Suggestion: Try to stay out of the emotional drama best you can, but pay attention. Make sure anyone checking the mail is aware of the issues here and knows to get these items to us fast so we can help you set up and respond properly to the court orders. Oh and by the way, don’t worry behind the scenes we are reporting all your employees to the proper state database.
9 – Employee Work State Issues
What’s the impact? Both from a payroll perspective and from a corporate sales and income side, this can open your company up to additional tax filing hurdles & costs. The additional payroll filings and demands are something ASAP can manage given advance notice and the employer tax expenses won’t change too greatly in most cases. However, there can be many unintended consequences for a business depending on industry and state in terms of corporate income, sales tax, use tax and other miscellaneous rules which vary from state to state.
Suggestion: Before you make the leap to hire an out of state employee, its best to discuss with your tax filer and/or attorney to insure you aren’t opening yourself up to additional issues unnecessarily. We’ve seen California for instance apply some of the strictest rules even in cases of a home based employee.
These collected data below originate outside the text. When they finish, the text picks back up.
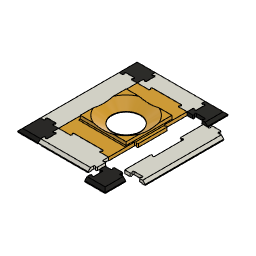
JarBase v9 (Autodesk Fusion 360 design; units mm, degrees)
Autodesk Fusion 360 part; units mm, degrees
sketch "Sketch1" plane through (0, 0, 0) normal (0, 0, 1) x (1, 0, 0) in component "JarBase"
  line L0 (32.5, -50) -> (-32.5, -50)
  line L1 (-32.5, -50) -> (-32.5, 50)
  line L2 (-32.5, 50) -> (32.5, 50)
  line L3 (32.5, 50) -> (32.5, -50)
  line L4 (32.5, -50) -> (-32.5, 50) construction
  line L5 (-32.5, -50) -> (32.5, 50) construction
  line L6 (28.5, -30) -> (-28.5, -30)
  line L7 (-28.5, -30) -> (-28.5, 30)
  line L8 (-28.5, 30) -> (28.5, 30)
  line L9 (28.5, 30) -> (28.5, -30)
  line L10 (28.5, -30) -> (-28.5, 30) construction
  line L11 (-28.5, -30) -> (28.5, 30) construction
  line L12 (28.5, 46) -> (-28.5, 46)
  line L13 (-28.5, 46) -> (-28.5, -46)
  line L14 (-28.5, -46) -> (28.5, -46)
  line L15 (28.5, -46) -> (28.5, 46)
  line L16 (28.5, 46) -> (-28.5, -46) construction
  line L17 (-28.5, 46) -> (28.5, -46) construction
  line L18 (-20, -46) -> (-16, -50)
  line L19 (-20, -46) -> (-14.5795, -46) construction
  line L20 (20, -46) -> (16, -50)
  line L21 (20, -46) -> (25.374, -46) construction
  line L22 (28.5, 16) -> (32.5, 20)
  line L23 (28.5, 16) -> (37.0214, 16) construction
  line L24 (28.5, -16) -> (32.5, -20)
  line L25 (28.5, -16) -> (34.342, -16) construction
  line L26 (-28.5, 46) -> (-32.5, 46)
  line L27 (16, 46) -> (20, 50)
  line L28 (16, 46) -> (23.4683, 46) construction
  line L29 (-16.4731, 46) -> (-20, 50)
  line L30 (-19.9118, 49.9) -> (19.9, 49.9)
  line L31 (15.8586, 46) -> (19.7586, 49.9)
  line L32 (-16.3398, 46) -> (-19.8667, 50)
  line L33 (28.5, 15.8586) -> (32.5, 19.8586)
  line L34 (32.4, 19.9) -> (32.4, -19.9)
  line L35 (32.5, -19.8586) -> (28.5, -15.8586)
  line L36 (28.5, -46) -> (28.5, -50)
  circle A0 centre (0, 0) radius 16.5
  line L37 (-55.4758, 0) -> (62.2812, 0) construction
  line L38 (-28.5, -20) -> (-32.5, -16)
  line L39 (-28.5, -20) -> (-22.6366, -20) construction
  line L40 (-28.5, 20) -> (-32.5, 16)
  line L41 (-28.5, 20) -> (-23.3061, 20) construction
  line L42 (0, 81.2463) -> (0, -111.1195) construction
  circle A1 centre (0, 0) radius 17.5
  dimension "d3" = 65
  dimension "d4" = 100
  dimension "d7" = 57
  dimension "d8" = 60
  dimension "d13" = 57
  dimension "d14" = 92
  dimension "d26" = 40
  dimension "d27" = 45
  dimension "d28" = 135
  dimension "d33" = 45
  dimension "d34" = 45
  dimension "d35" = 40
  dimension "d40" = 45
  dimension "d42" = 40
  dimension "d43" = 0.1
  dimension "d44" = 0.1
  dimension "d45" = 0.1
  dimension "d46" = 0.1
  dimension "d47" = 0.1
  dimension "d48" = 0.1
  dimension "d57" = 33
  dimension "d58" = 135
  dimension "d59" = 135
  dimension "d60" = 40
  dimension "d217" = 35
  constraint horizontal L0
  constraint perpendicular L0 L1
  constraint parallel L0 L2
  constraint parallel L1 L3
  constraint coincident L4 A0.centre
  constraint coincident L5 A0.centre
  constraint coincident A0.centre A1.centre
  constraint horizontal L6
  constraint perpendicular L6 L7
  constraint parallel L6 L8
  constraint parallel L7 L9
  constraint coincident L10 A0.centre
  constraint coincident L11 A0.centre
  constraint horizontal L12
  constraint perpendicular L12 L13
  constraint parallel L12 L14
  constraint parallel L13 L15
  constraint coincident L16 A0.centre
  constraint coincident L17 A0.centre
  constraint horizontal L19
  constraint horizontal L21
  constraint coincident L0 L20.end
  constraint horizontal L23
  constraint horizontal L25
  constraint coincident L3 L24.end
  constraint coincident L1 L26.end
  constraint perpendicular L1 L26
  constraint horizontal L28
  constraint coincident L2 L27.end
  constraint coincident L2 L29.end
  constraint coincident L14 L20.start
  constraint coincident L15 L24.start
  constraint coincident L15 L22.start
  constraint coincident L12 L27.start
  constraint coincident L12 L29.start
  constraint coincident L29 L30.start
  constraint coincident L27 L30.end
  constraint parallel L2 L30
  constraint coincident L12 L31.start
  constraint coincident L30 L31.end
  constraint parallel L27 L31
  constraint coincident L12 L32.start
  constraint coincident L2 L32.end
  constraint parallel L29 L32
  constraint coincident L15 L33.start
  constraint coincident L3 L33.end
  constraint parallel L22 L33
  constraint coincident L22 L34.start
  constraint coincident L24 L34.end
  constraint vertical L34
  constraint coincident L3 L35.start
  constraint coincident L15 L35.end
  constraint parallel L24 L35
  constraint coincident L0 L36.end
  constraint perpendicular L0 L36
  constraint coincident L0 L18.end
  constraint horizontal L37
  constraint coincident A0.centre L37
  constraint horizontal L39
  constraint coincident L1 L38.end
  constraint horizontal L41
  constraint coincident L7 L40.start
  constraint coincident L1 L40.end
  constraint symmetric L38.start L37 L40.start
  constraint coincident L3 L22.end
  constraint symmetric L22.end L24.end L37
  constraint coincident L14 L18.start
  constraint perpendicular L14 L42
  constraint coincident A0.centre L42
  constraint symmetric L18.start L20.start L42
  constraint symmetric L27.end L29.end L42
  constraint concentric A0 A1
  measures "d3" distance of L1.end L2.end
  measures "d4" distance of L0 L2
  measures "d7" distance of L7.end L8.end
  measures "d8" distance of L6.end L7.end
  measures "d13" distance of L13.end L14.end
  measures "d14" distance of L12.end L13.end
  measures "d26" distance of L18.start L20.start
  measures "d27" angle of L18 L19
  measures "d28" angle of L20 L21
  measures "d33" angle of L22 L23
  measures "d34" angle of L24 L25
  measures "d35" vertical distance of L22.end L24.end
  measures "d40" angle of L27 L28
  measures "d42" distance of L27.end L29.end
  measures "d43" distance of L2 L30
  measures "d44" distance of L27 L31
  measures "d45" distance of L29 L32
  measures "d46" distance of L22 L33
  measures "d47" distance of L3 L34
  measures "d48" distance of L24 L35
  measures "d57" diameter of A0
  measures "d58" angle of L38 L39
  measures "d59" angle of L40 L41
  measures "d60" distance of L38.start L40.start
  measures "d217" diameter of A1
extrude "Extrude1" add sketch "Sketch1" along normal blind 4 contours L0 L14 L20 L36 | L6 L13 L14 L15 | L0 L1 L7 L13 L14 L18 L38 | L6 L7 L8 L9 L13 L15 | L9 L15 L33 L34 L35 | L1 L7 L13 L26 L40 | L8 L12 L13 L15 | L12 L30 L31 L32 | A0 | A1 makes body 1 in component "JarBase"
sketch "Sketch5" plane through (0, 0, 4) normal (0, 0, 1) x (-1, 0, 0) in component "JarBase"
  line L0 (-28.5, -15.8586) -> (-28.5, -46)
  line L1 (-28.5, -46) -> (-15.8586, -46)
  line L2 (-15.8586, -46) -> (-19.7586, -49.9)
  line L3 (-19.7586, -49.9) -> (19.7785, -49.9)
  line L4 (19.7785, -49.9) -> (16.3398, -46)
  line L5 (16.3398, -46) -> (32.5, -46)
  line L6 (32.5, -46) -> (32.5, -16)
  line L7 (32.5, 50) -> (16, 50)
  line L8 (16, 50) -> (20, 46)
  line L9 (20, 46) -> (-20, 46)
  line L10 (-28.5, 15.8586) -> (-32.4, 19.7586)
  line L11 (-32.4, 19.7586) -> (-32.4, -19.7586)
  line L12 (-32.4, -19.7586) -> (-28.5, -15.8586)
  line L13 (28, -28) -> (-28, -28)
  line L14 (-28, -28) -> (-28, 28)
  line L15 (-28, 28) -> (28, 28)
  line L16 (28, 28) -> (28, -28)
  line L17 (28, -28) -> (-28, 28) construction
  line L18 (-28, -28) -> (28, 28) construction
  line L19 (32.5, -16) -> (28.5, -20)
  line L20 (28.5, -20) -> (28.5, 20)
  line L21 (28.5, 20) -> (32.5, 16)
  line L22 (32.5, 16) -> (32.5, 50)
  line L23 (-20, 46) -> (-16, 50)
  line L24 (-16, 50) -> (-28.5, 50)
  line L25 (-28.5, 50) -> (-28.5, 15.8586)
  dimension "d51" = 56
  dimension "d52" = 56
  constraint horizontal L13
  constraint perpendicular L13 L14
  constraint parallel L13 L15
  constraint parallel L14 L16
  constraint coincident L17 origin
  constraint coincident L18 origin
  measures "d51" distance of L14.end L15.end
  measures "d52" distance of L13.end L14.end
extrude "Extrude3" add sketch "Sketch5" along normal blind 5 contours L13 L14 L15 L16 bodies 1 in component "JarBase"
sketch "Sketch3" plane through (0, 0, 9) normal (0, 0, 1) x (-1, 0, 0) in component "JarBase"
  circle A0 centre (0, 0) radius 30.5
  line L0 (30, 30) -> (-30, 30)
  line L1 (-30, 30) -> (-30, -30)
  line L2 (-30, -30) -> (30, -30)
  line L3 (30, -30) -> (30, 30)
  line L4 (28, 28) -> (-28, 28)
  line L5 (-28, 28) -> (-28, -28)
  line L6 (-28, -28) -> (28, -28)
  line L7 (28, -28) -> (28, 28)
  dimension "d12" = 61
  constraint coincident A0.centre origin
  measures "d12" diameter of A0
fillet "Fillet1" radius 1 16 edges at (-19.7785, 49.9, 2) (-16.3398, 46, 2) (19.7586, 49.9, 2) (15.8586, 46, 2) (32.4, 19.7586, 2) (32.4, -19.7586, 2) (28.5, -15.8586, 2) (28.5, 15.8586, 2) (20, -46, 2) (16, -50, 2) (-16, -50, 2) (-20, -46, 2) (-32.5, -16, 2) (-28.5, -20, 2) (-32.5, 16, 2) (-28.5, 20, 2) on bodies 1 in component "JarBase"
loft "Loft2" cut profiles "Sketch1", "Sketch3" section 1 contours A0 section 2 contours A0 L3 | A0 L3 L7 | A0 L4 L5 L6 L7 | A0 L0 L4 | A0 L0 | A0 L2 L6 | A0 L2 | A0 L1 L5 | A0 L1 bodies 1 in component "JarBase"
fillet "Fillet2" radius 1 4 edges at (0, 28, 4) (-28, 0, 4) (0, -28, 4) (28, 0, 4) on bodies 1 in component "JarBase"
sketch "Sketch1 (2)" plane through (0, 0, 0) normal (0, 0, 1) x (1, 0, 0) in component "TopEdge"
  line L0 (28.5, 46) -> (28.5, 71)
  line L1 (28.5, 71) -> (-32.5, 71)
  line L2 (-32.5, 71) -> (-32.5, 46)
  line L3 (-32.5, 52) -> (28.5, 52)
  line L4 (-32.5, 67) -> (28.5, 67)
  line L5 (-32.5, 50) -> (32.5, 50)
  line L6 (16, 46) -> (20, 50)
  line L7 (16, 46) -> (23.4683, 46)
  line L8 (28.5, 46) -> (-28.5, 46)
  line L9 (-16.4731, 46) -> (-20, 50)
  line L10 (-32.5, 46) -> (28.5, 46)
  line L11 (-20, 50) -> (-16.4731, 46)
  line L12 (20, 50) -> (16, 46)
  line L13 (20, 50) -> (-20, 50)
  line L14 (-28.5, 71) -> (-28.5, 46)
  line L15 (32.5, 66) -> (32.5, 51)
  line L16 (-32.5, 62) -> (-28.5, 66)
  line L17 (-32.5, 62) -> (-26.8431, 62) construction
  line L18 (-32.5, 55) -> (-28.5, 51)
  line L19 (-51.9513, 58.5) -> (44.591, 58.5) construction
  line L20 (32.5, 51) -> (28.5, 55)
  line L21 (32.5, 51) -> (38.1569, 51) construction
  line L22 (32.5, 66) -> (28.5, 62)
  line L23 (28.5, 61.8586) -> (32.4, 65.7586)
  line L24 (28.5, 55.1414) -> (32.5, 51.1414)
  line L25 (32.4, 65.7586) -> (32.4, 51.2414)
  point P0 (-32.5, 46)
  dimension "d62" = 15
  dimension "d63" = 4
  dimension "d64" = 25
  dimension "d81" = 4
  dimension "d82" = 4
  dimension "d83" = 45
  dimension "d84" = 90
  dimension "d85" = 15
  dimension "d86" = 135
  dimension "d87" = 90
  dimension "d88" = 15
  dimension "d89" = 0.1
  dimension "d90" = 0.1
  dimension "d91" = 0.1
  constraint vertical L0
  constraint horizontal L1
  constraint vertical L2
  constraint coincident L2 L3.start
  constraint coincident L0 L3.end
  constraint perpendicular L0 L3
  constraint coincident L2 L4.start
  constraint coincident L0 L4.end
  constraint perpendicular L0 L4
  constraint coincident L0.start L8.start
  constraint perpendicular L0 L10
  constraint coincident L9.end L11.start
  constraint coincident L9.start L11.end
  constraint coincident L6.end L12.start
  constraint coincident L6.start L7.start
  constraint coincident L0 L8.start
  constraint coincident L2 P0
  constraint coincident L1 L14.start
  constraint coincident L10 L8.end
  constraint perpendicular L10 L14
  constraint vertical L15
  constraint horizontal L17
  constraint coincident L2 L16.start
  constraint coincident L14 L16.end
  constraint coincident L2 L18.start
  constraint coincident L14 L18.end
  constraint horizontal L19
  constraint symmetric L1 L10 L19
  constraint symmetric L16.end L18.end L19
  constraint symmetric L15.start L15.end L19
  constraint horizontal L21
  constraint coincident L0 L20.end
  constraint coincident L0 L22.end
  constraint coincident L0 L23.start
  constraint parallel L22 L23
  constraint coincident L0 L24.start
  constraint coincident L15 L24.end
  constraint perpendicular L23 L24
  constraint coincident L23 L25.start
  constraint coincident L24 L25.end
  constraint parallel L15 L25
  constraint coincident L23.end L25
  measures "d62" distance of L3 L4
  measures "d63" distance of L1 L4
  measures "d64" distance of L1 L10
  measures "d81" distance of L2 L14
  measures "d82" distance of L0 L15
  measures "d83" angle of L16 L17
  measures "d84" angle of L16 L18
  measures "d85" distance of L16.end L18.end
  measures "d86" angle of L20 L21
  measures "d87" angle of L20 L22
  measures "d88" distance of L15.start L15.end
  measures "d89" distance of L22 L23
  measures "d90" distance of L20 L24
  measures "d91" distance of L15 L25
extrude "Extrude1'" add sketch "Sketch1 (2)" along normal blind 4 separate body contours L0 L3 L4 L14 | L0 L3 L5 L13 L14 | L0 L5 L6 L7 L8 L10 L12 | L0 L23 L24 L25 | L2 L3 L5 L14 L18 | L2 L3 L18 | L2 L4 L14 L16 | L5 L8 L9 L10 L11 L14 | L0 L1 L4 L14 | L1 L2 L4 L14 | L2 L5 L10 L14 makes body 2 in component "TopEdge"
fillet "Fillet1'" radius 1 4 edges at (-16.4731, 46, 2) (-20, 50, 2) (20, 50, 2) (16, 46, 2) on bodies 2 in component "TopEdge"
extrude "Extrude2" cut sketch "Sketch1 (2)" along normal blind 0.5 contours L0 L3 L4 L14 | L2 L3 L14 L16 L18 | L0 L23 L24 L25 | L2 L3 L18 | L2 L4 L14 L16 bodies 2 in component "TopEdge"
sketch "Sketch1 (3)" plane through (0, 0, 0) normal (0, 0, 1) x (1, 0, 0) in component "RIghtEdge"
  line L0 (28.5, 46) -> (53.5, 46)
  line L1 (53.5, 46) -> (53.5, -50)
  line L2 (53.5, -50) -> (28.5, -50)
  line L3 (28.5, -50) -> (28.5, 46)
  line L4 (28.5, 16) -> (32.5, 20)
  line L5 (32.5, 50) -> (32.5, -50)
  line L6 (28.5, -16) -> (32.5, -20)
  line L7 (28.5, 16) -> (32.5, 20)
  line L8 (32.5, -20) -> (28.5, -16)
  line L9 (32.5, 20) -> (32.5, -20)
  line L10 (49.5, 46) -> (49.5, -50)
  line L11 (34.5, 46) -> (34.5, -50)
  line L12 (41, 52.9761) -> (41, -53.7829) construction
  line L13 (29.9594, 46) -> (43.3433, 46) construction
  line L14 (48.5, 50) -> (44.5, 46)
  line L15 (48.5, 50) -> (48.5481, 50) construction
  line L16 (33.5, 50) -> (37.6148, 45.8852)
  line L17 (33.5, 50) -> (39.2756, 50) construction
  line L18 (33.5, 50) -> (48.5, 50)
  line L19 (33.6414, 50) -> (37.6414, 46)
  line L20 (48.3586, 50) -> (44.3586, 46)
  line L21 (33.7414, 49.9) -> (48.2586, 49.9)
  line L22 (33.5, -46) -> (48.5, -46)
  line L23 (48.5, -46) -> (44.5, -50)
  line L24 (48.5, -46) -> (54.0005, -46) construction
  line L25 (33.5, -46) -> (37.5, -50)
  point P0 (28.5, 46)
  dimension "d71" = 96
  dimension "d72" = 25
  dimension "d73" = 4
  dimension "d74" = 15
  dimension "d119" = 135
  dimension "d120" = 45
  dimension "d121" = 15
  dimension "d122" = 4
  dimension "d123" = 0.1
  dimension "d124" = 0.1
  dimension "d125" = 0.1
  dimension "d126" = 15
  dimension "d127" = 4
  dimension "d128" = 135
  dimension "d129" = 90
  constraint horizontal L0
  constraint vertical L1
  constraint horizontal L2
  constraint vertical L3
  constraint coincident P0 L0.start
  constraint coincident L4.start L7.start
  constraint coincident L4.end L7.end
  constraint coincident L6.end L8.start
  constraint coincident L6.start L8.end
  constraint coincident L0 L10.start
  constraint coincident L2 L10.end
  constraint perpendicular L2 L10
  constraint coincident L0 L11.start
  constraint coincident L2 L11.end
  constraint perpendicular L2 L11
  constraint perpendicular L0 L12
  constraint horizontal L13
  constraint coincident L0 L13.start
  constraint horizontal L15
  constraint horizontal L17
  constraint coincident L0 L14.end
  constraint symmetric L12 L14.start L16.start
  constraint coincident L18 L19.start
  constraint coincident L13 L19.end
  constraint coincident L18 L20.start
  constraint coincident L0 L20.end
  constraint perpendicular L19 L20
  constraint coincident L19 L21.start
  constraint coincident L20 L21.end
  constraint horizontal L21
  constraint parallel L16 L19
  constraint perpendicular L12 L22
  constraint horizontal L24
  constraint coincident L2 L23.end
  constraint coincident L2 L25.end
  constraint symmetric L12 L23 L25
  measures "d71" distance of L0.end L2
  measures "d72" distance of L1 L3
  measures "d73" distance of L1 L10
  measures "d74" distance of L10 L11
  measures "d119" angle of L14 L15
  measures "d120" angle of L16 L17
  measures "d121" distance of L14.start L16.start
  measures "d122" distance of L0 L18
  measures "d123" distance of L18 L21
  measures "d124" distance of L14 L20
  measures "d125" distance of L16 L19
  measures "d126" distance of L22.start L22.end
  measures "d127" distance of L2 L22
  measures "d128" angle of L23 L24
  measures "d129" angle of L23 L25
extrude "Extrude1''" add sketch "Sketch1 (3)" along normal blind 4 separate body contours L0 L19 L20 L21 | L0 L2 L10 L11 L22 L23 | L0 L2 L5 L9 L11 L22 L25 | L0 L1 L2 L10 | L0 L3 L4 L5 L7 | L2 L11 L25 | L2 L3 L5 L6 L8 makes body 3 in component "RIghtEdge"
extrude "Extrude2'" cut sketch "Sketch1 (3)" along normal blind 0.5 contours L0 L19 L20 L21 | L0 L2 L10 L11 L22 L23 | L2 L11 L22 L23 L25 | L2 L11 L25 bodies 3 in component "RIghtEdge"
fillet "Fillet1''" radius 1 4 edges at (28.5, 16, 2) (32.5, 20, 2) (28.5, -16, 2) (32.5, -20, 2) on bodies 3 in component "RIghtEdge"
fillet "Fillet2'" radius 1 4 edges at (-28.5, 66, 2.25) (-32.5, 62, 2.25) (-28.5, 51, 2) (-32.5, 55, 2.25) on bodies 2 in component "TopEdge"
fillet "Fillet3" radius 1 4 edges at (28.5, 61.8586, 2.25) (32.4, 65.7586, 2) (32.4, 51.2414, 2) (28.5, 55.1414, 2.25) on bodies 2 in component "TopEdge"
sketch "Sketch1 (4)" plane through (0, 0, 0) normal (0, 0, 1) x (1, 0, 0) in component "TopRightCorner"
  line L0 (32.5, 66) -> (28.5, 62)
  line L1 (32.5, 66) -> (32.5, 51)
  line L2 (32.5, 51) -> (28.5, 55)
  line L3 (28.5, 46) -> (28.5, 71)
  line L4 (28.5, 46) -> (53.5, 46)
  line L5 (28.5, 71) -> (53.5, 71)
  line L6 (53.5, 71) -> (53.5, 46)
  line L7 (53.5, 46) -> (28.5, 46)
  line L8 (28.5, 46) -> (28.5, 71)
  line L9 (32.5, 66) -> (28.5, 62)
  line L10 (28.5, 62) -> (28.5, 71)
  line L11 (32.5, 66) -> (32.5, 51)
  line L12 (32.5, 51) -> (28.5, 55)
  line L13 (28.5, 55) -> (28.5, 46)
  line L14 (28.5, 46) -> (37.5, 46)
  line L15 (44.5, 46) -> (53.5, 46)
  line L16 (33.5, 50) -> (48.5, 50)
  line L17 (33.5, 50) -> (37.6148, 45.8852)
  line L18 (48.5, 50) -> (44.5, 46)
  line L19 (53.5, 46) -> (44.3586, 46)
  line L20 (29.9594, 46) -> (43.3433, 46)
  line L21 (28.5, 46) -> (37.5, 46)
  line L22 (37.5, 46) -> (33.5, 50)
  line L23 (33.5, 50) -> (48.5, 50)
  line L24 (48.5, 50) -> (44.5, 46)
  line L25 (44.5, 46) -> (53.5, 46)
  point P0 (43.3433, 46)
  constraint horizontal L5
  constraint vertical L6
  constraint horizontal L7
  constraint vertical L8
  constraint coincident L4.end L6.end
  constraint coincident L3.end L5.start
  constraint coincident L0.start L1.start
  constraint coincident L0.end L9.end
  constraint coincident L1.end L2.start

10 – Health Insurance Premium Reimbursements
What are the penalties for non-compliance? $100/day excise tax per applicable employee (which is $36,500 per year, per employee) under section 4980D of the Internal Revenue Code.
Suggestion: We are advising employers stay away from heath reimbursements in any form including HRA’s until the courts settle this one with someone else as the guinea pig. If in the past you had supplied some sort of pay to your employees which was earmarked for health premiums, stop the practice. Either go to the ColoradoSHOP exchange and set up a plan for your employees or simply stop, and give your employees a raise of some sort that isn’t ear marked for health insurance premium support.